The third trimester, free, serological screening available since 2017 to date, was not associated to a decrease of confirmed CS diagnoses. On the other hand, a larger number of exposed infants is being registered, despite a possible decreased access to prenatal care caused by the COVID-19 pandemic. Moreover, even when maternal treatment was absent or inadequate (112 cases), a timely postnatal treatment led to non-infected status in the offspring. We believe that these results constitute an initial success of our area-based prevention program.

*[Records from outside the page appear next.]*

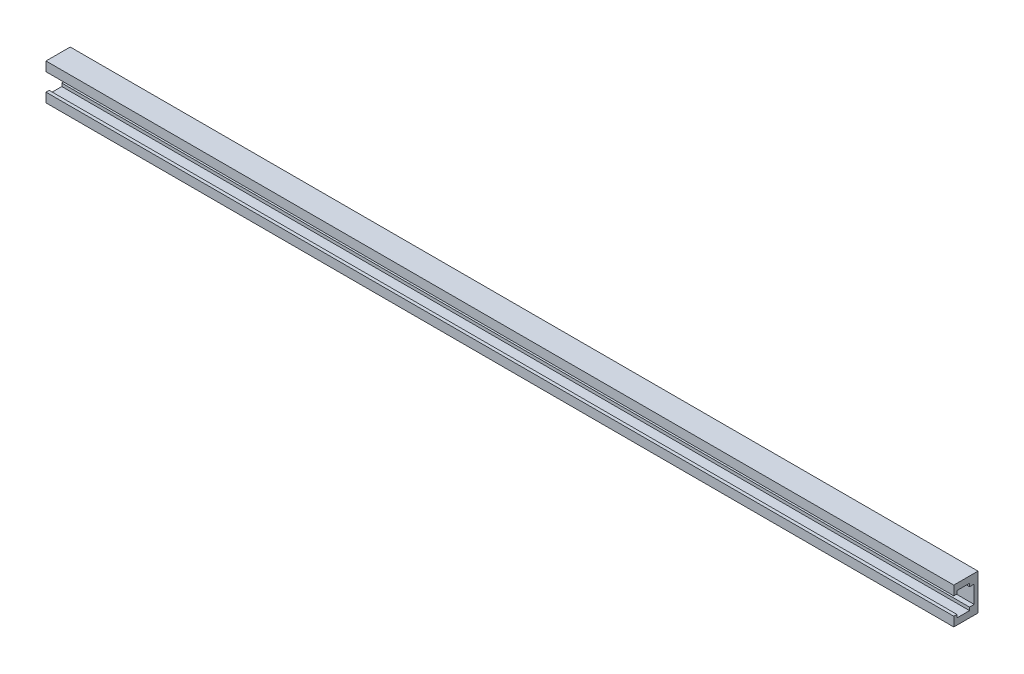
ISO-10303-21;
HEADER;
FILE_DESCRIPTION(('STEP AP214'),'2;1');
FILE_NAME('part.step','',(''),(''),'','','');
FILE_SCHEMA(('AUTOMOTIVE_DESIGN { 1 0 10303 214 1 1 1 1 }'));
ENDSEC;
DATA;
#1=APPLICATION_CONTEXT('core data for automotive mechanical design processes');
#2=APPLICATION_PROTOCOL_DEFINITION('international standard','automotive_design',2000,#1);
#3=PRODUCT_CONTEXT('',#1,'mechanical');
#4=PRODUCT('Part','Part','',(#3));
#5=PRODUCT_RELATED_PRODUCT_CATEGORY('part','',(#4));
#6=PRODUCT_DEFINITION_FORMATION('','',#4);
#7=PRODUCT_DEFINITION_CONTEXT('part definition',#1,'design');
#8=PRODUCT_DEFINITION('design','',#6,#7);
#9=PRODUCT_DEFINITION_SHAPE('','',#8);
#10=(LENGTH_UNIT() NAMED_UNIT(*) SI_UNIT(.MILLI.,.METRE.));
#11=(NAMED_UNIT(*) PLANE_ANGLE_UNIT() SI_UNIT($,.RADIAN.));
#12=(NAMED_UNIT(*) SI_UNIT($,.STERADIAN.) SOLID_ANGLE_UNIT());
#13=UNCERTAINTY_MEASURE_WITH_UNIT(LENGTH_MEASURE(1.E-05),#10,'distance_accuracy_value','');
#14=(GEOMETRIC_REPRESENTATION_CONTEXT(3) GLOBAL_UNCERTAINTY_ASSIGNED_CONTEXT((#13)) GLOBAL_UNIT_ASSIGNED_CONTEXT((#10,
#11,#12)) REPRESENTATION_CONTEXT('',''));
#15=CARTESIAN_POINT('',(0.,0.,0.));
#16=DIRECTION('',(0.,0.,1.));
#17=DIRECTION('',(1.,0.,0.));
#18=AXIS2_PLACEMENT_3D('',#15,#16,#17);
#19=CARTESIAN_POINT('',(228.6,-9.144,0.));
#20=DIRECTION('',(0.,0.,1.));
#21=DIRECTION('',(0.,-1.,0.));
#22=AXIS2_PLACEMENT_3D('',#19,#20,#21);
#23=PLANE('',#22);
#24=CARTESIAN_POINT('',(190.5,0.,0.));
#25=DIRECTION('',(0.,0.,1.));
#26=DIRECTION('',(0.,-1.,0.));
#27=AXIS2_PLACEMENT_3D('',#24,#25,#26);
#28=CIRCLE('',#27,2.413);
#29=CARTESIAN_POINT('',(190.5,-2.413,0.));
#30=VERTEX_POINT('',#29);
#31=EDGE_CURVE('E211',#30,#30,#28,.F.);
#32=ORIENTED_EDGE('',*,*,#31,.F.);
#33=EDGE_LOOP('',(#32));
#34=FACE_BOUND('',#33,.T.);
#35=CARTESIAN_POINT('',(114.3,0.,0.));
#36=DIRECTION('',(0.,0.,1.));
#37=DIRECTION('',(0.,-1.,0.));
#38=AXIS2_PLACEMENT_3D('',#35,#36,#37);
#39=CIRCLE('',#38,2.413);
#40=CARTESIAN_POINT('',(114.3,-2.413,0.));
#41=VERTEX_POINT('',#40);
#42=EDGE_CURVE('E217',#41,#41,#39,.F.);
#43=ORIENTED_EDGE('',*,*,#42,.F.);
#44=EDGE_LOOP('',(#43));
#45=FACE_BOUND('',#44,.T.);
#46=CARTESIAN_POINT('',(38.1,0.,0.));
#47=DIRECTION('',(0.,0.,1.));
#48=DIRECTION('',(0.,-1.,0.));
#49=AXIS2_PLACEMENT_3D('',#46,#47,#48);
#50=CIRCLE('',#49,2.413);
#51=CARTESIAN_POINT('',(38.1,-2.413,0.));
#52=VERTEX_POINT('',#51);
#53=EDGE_CURVE('E226',#52,#52,#50,.F.);
#54=ORIENTED_EDGE('',*,*,#53,.F.);
#55=EDGE_LOOP('',(#54));
#56=FACE_BOUND('',#55,.T.);
#57=DIRECTION('',(-1.,0.,0.));
#58=VECTOR('',#57,1.);
#59=CARTESIAN_POINT('',(228.6,-9.144,0.));
#60=LINE('',#59,#58);
#61=CARTESIAN_POINT('',(228.6,-9.144,0.));
#62=VERTEX_POINT('',#61);
#63=CARTESIAN_POINT('',(-228.6,-9.144,0.));
#64=VERTEX_POINT('',#63);
#65=EDGE_CURVE('E163',#62,#64,#60,.T.);
#66=ORIENTED_EDGE('',*,*,#65,.T.);
#67=DIRECTION('',(0.,1.,0.));
#68=VECTOR('',#67,1.);
#69=CARTESIAN_POINT('',(-228.6,-9.144,0.));
#70=LINE('',#69,#68);
#71=CARTESIAN_POINT('',(-228.6,9.144,0.));
#72=VERTEX_POINT('',#71);
#73=EDGE_CURVE('E157',#64,#72,#70,.T.);
#74=ORIENTED_EDGE('',*,*,#73,.T.);
#75=DIRECTION('',(-1.,0.,0.));
#76=VECTOR('',#75,1.);
#77=CARTESIAN_POINT('',(228.6,9.144,0.));
#78=LINE('',#77,#76);
#79=CARTESIAN_POINT('',(228.6,9.144,0.));
#80=VERTEX_POINT('',#79);
#81=EDGE_CURVE('E12',#80,#72,#78,.T.);
#82=ORIENTED_EDGE('',*,*,#81,.F.);
#83=DIRECTION('',(0.,1.,0.));
#84=VECTOR('',#83,1.);
#85=CARTESIAN_POINT('',(228.6,-9.144,0.));
#86=LINE('',#85,#84);
#87=EDGE_CURVE('E229',#62,#80,#86,.T.);
#88=ORIENTED_EDGE('',*,*,#87,.F.);
#89=EDGE_LOOP('',(#66,#74,#82,#88));
#90=FACE_BOUND('',#89,.T.);
#91=CARTESIAN_POINT('',(-190.5,0.,0.));
#92=DIRECTION('',(0.,0.,-1.));
#93=DIRECTION('',(0.,-1.,0.));
#94=AXIS2_PLACEMENT_3D('',#91,#92,#93);
#95=CIRCLE('',#94,2.413);
#96=CARTESIAN_POINT('',(-190.5,-2.413,0.));
#97=VERTEX_POINT('',#96);
#98=EDGE_CURVE('E617',#97,#97,#95,.F.);
#99=ORIENTED_EDGE('',*,*,#98,.T.);
#100=EDGE_LOOP('',(#99));
#101=FACE_BOUND('',#100,.T.);
#102=CARTESIAN_POINT('',(-114.3,0.,0.));
#103=DIRECTION('',(0.,0.,-1.));
#104=DIRECTION('',(0.,-1.,0.));
#105=AXIS2_PLACEMENT_3D('',#102,#103,#104);
#106=CIRCLE('',#105,2.413);
#107=CARTESIAN_POINT('',(-114.3,-2.413,0.));
#108=VERTEX_POINT('',#107);
#109=EDGE_CURVE('E621',#108,#108,#106,.F.);
#110=ORIENTED_EDGE('',*,*,#109,.T.);
#111=EDGE_LOOP('',(#110));
#112=FACE_BOUND('',#111,.T.);
#113=CARTESIAN_POINT('',(-38.1,0.,0.));
#114=DIRECTION('',(0.,0.,-1.));
#115=DIRECTION('',(0.,-1.,0.));
#116=AXIS2_PLACEMENT_3D('',#113,#114,#115);
#117=CIRCLE('',#116,2.413);
#118=CARTESIAN_POINT('',(-38.1,-2.413,0.));
#119=VERTEX_POINT('',#118);
#120=EDGE_CURVE('E165',#119,#119,#117,.F.);
#121=ORIENTED_EDGE('',*,*,#120,.T.);
#122=EDGE_LOOP('',(#121));
#123=FACE_BOUND('',#122,.T.);
#124=ADVANCED_FACE('F33',(#34,#45,#56,#90,#101,#112,#123),#23,.F.);
#125=CARTESIAN_POINT('',(228.6,9.144,0.));
#126=DIRECTION('',(0.,-1.,0.));
#127=DIRECTION('',(0.,0.,-1.));
#128=AXIS2_PLACEMENT_3D('',#125,#126,#127);
#129=PLANE('',#128);
#130=ORIENTED_EDGE('',*,*,#81,.T.);
#131=DIRECTION('',(0.,0.,1.));
#132=VECTOR('',#131,1.);
#133=CARTESIAN_POINT('',(-228.6,9.144,0.));
#134=LINE('',#133,#132);
#135=CARTESIAN_POINT('',(-228.6,9.144,12.192));
#136=VERTEX_POINT('',#135);
#137=EDGE_CURVE('E147',#72,#136,#134,.T.);
#138=ORIENTED_EDGE('',*,*,#137,.T.);
#139=DIRECTION('',(-1.,0.,0.));
#140=VECTOR('',#139,1.);
#141=CARTESIAN_POINT('',(228.6,9.144,12.192));
#142=LINE('',#141,#140);
#143=CARTESIAN_POINT('',(228.6,9.144,12.192));
#144=VERTEX_POINT('',#143);
#145=EDGE_CURVE('E40',#144,#136,#142,.T.);
#146=ORIENTED_EDGE('',*,*,#145,.F.);
#147=DIRECTION('',(0.,0.,1.));
#148=VECTOR('',#147,1.);
#149=CARTESIAN_POINT('',(228.6,9.144,0.));
#150=LINE('',#149,#148);
#151=EDGE_CURVE('E148',#80,#144,#150,.T.);
#152=ORIENTED_EDGE('',*,*,#151,.F.);
#153=EDGE_LOOP('',(#130,#138,#146,#152));
#154=FACE_BOUND('',#153,.T.);
#155=ADVANCED_FACE('F145',(#154),#129,.F.);
#156=CARTESIAN_POINT('',(228.6,9.144,12.192));
#157=DIRECTION('',(0.,0.,-1.));
#158=DIRECTION('',(0.,1.,0.));
#159=AXIS2_PLACEMENT_3D('',#156,#157,#158);
#160=PLANE('',#159);
#161=ORIENTED_EDGE('',*,*,#145,.T.);
#162=DIRECTION('',(0.,-1.,0.));
#163=VECTOR('',#162,1.);
#164=CARTESIAN_POINT('',(-228.6,9.144,12.192));
#165=LINE('',#164,#163);
#166=CARTESIAN_POINT('',(-228.6,4.445,12.192));
#167=VERTEX_POINT('',#166);
#168=EDGE_CURVE('E160',#136,#167,#165,.T.);
#169=ORIENTED_EDGE('',*,*,#168,.T.);
#170=DIRECTION('',(-1.,0.,0.));
#171=VECTOR('',#170,1.);
#172=CARTESIAN_POINT('',(228.6,4.445,12.192));
#173=LINE('',#172,#171);
#174=CARTESIAN_POINT('',(228.6,4.445,12.192));
#175=VERTEX_POINT('',#174);
#176=EDGE_CURVE('E283',#175,#167,#173,.T.);
#177=ORIENTED_EDGE('',*,*,#176,.F.);
#178=DIRECTION('',(0.,-1.,0.));
#179=VECTOR('',#178,1.);
#180=CARTESIAN_POINT('',(228.6,9.144,12.192));
#181=LINE('',#180,#179);
#182=EDGE_CURVE('E232',#144,#175,#181,.T.);
#183=ORIENTED_EDGE('',*,*,#182,.F.);
#184=EDGE_LOOP('',(#161,#169,#177,#183));
#185=FACE_BOUND('',#184,.T.);
#186=ADVANCED_FACE('F286',(#185),#160,.F.);
#187=CARTESIAN_POINT('',(228.6,4.445,12.192));
#188=DIRECTION('',(0.,1.,0.));
#189=DIRECTION('',(0.,0.,1.));
#190=AXIS2_PLACEMENT_3D('',#187,#188,#189);
#191=PLANE('',#190);
#192=ORIENTED_EDGE('',*,*,#176,.T.);
#193=DIRECTION('',(0.,0.,-1.));
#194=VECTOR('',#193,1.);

We show that an RPR fourfold antibody increase in the infant is not a sensitive feature and that an accurate investigation of maternal status remains the mainstay for a pre-symptomatic CS diagnosis. Previous literature often offers little information on the duration and the quality of the follow up program for CS [9, 10, 22, 23]. We underline the importance of a thorough neonatal follow-up that allowed us to suspect and then confirm 8 CS diagnoses after the neonatal period. This issue has also been emphasized by Kimball et al. [7] who described 67 symptomatic infants diagnosed beyond day of life 28 born in the USA between 2014 and 2018.

During this interval, the CDC also reports a total CS cases increase of 183% which has not been confirmed in European reports. In our area-based cohort, we have witnessed a significant increase over the years of suspected cases to be screened. It remains to be elucidated whether this might be due to the disease resurgence and/or to progress in regional networking against perinatal infections. In our opinion, the latter remains the preferable model for such a delicate public health matter. A dedicated unit has several advantages over the occasional CS diagnosis in any hospital. A SPIU keeps track of patients’ history and medical records, it concentrates specific expertise, participates to national and international registers, and promotes local prevention programs. These factors can both aid new clinical research and increase awareness on CS.

Conclusions

Fifteen years after a national cross-sectional study, we show that CS is still far from being eradicated in Italy. A specialized health care unit can help in the thorough surveillance of a population and implement preventive medicine.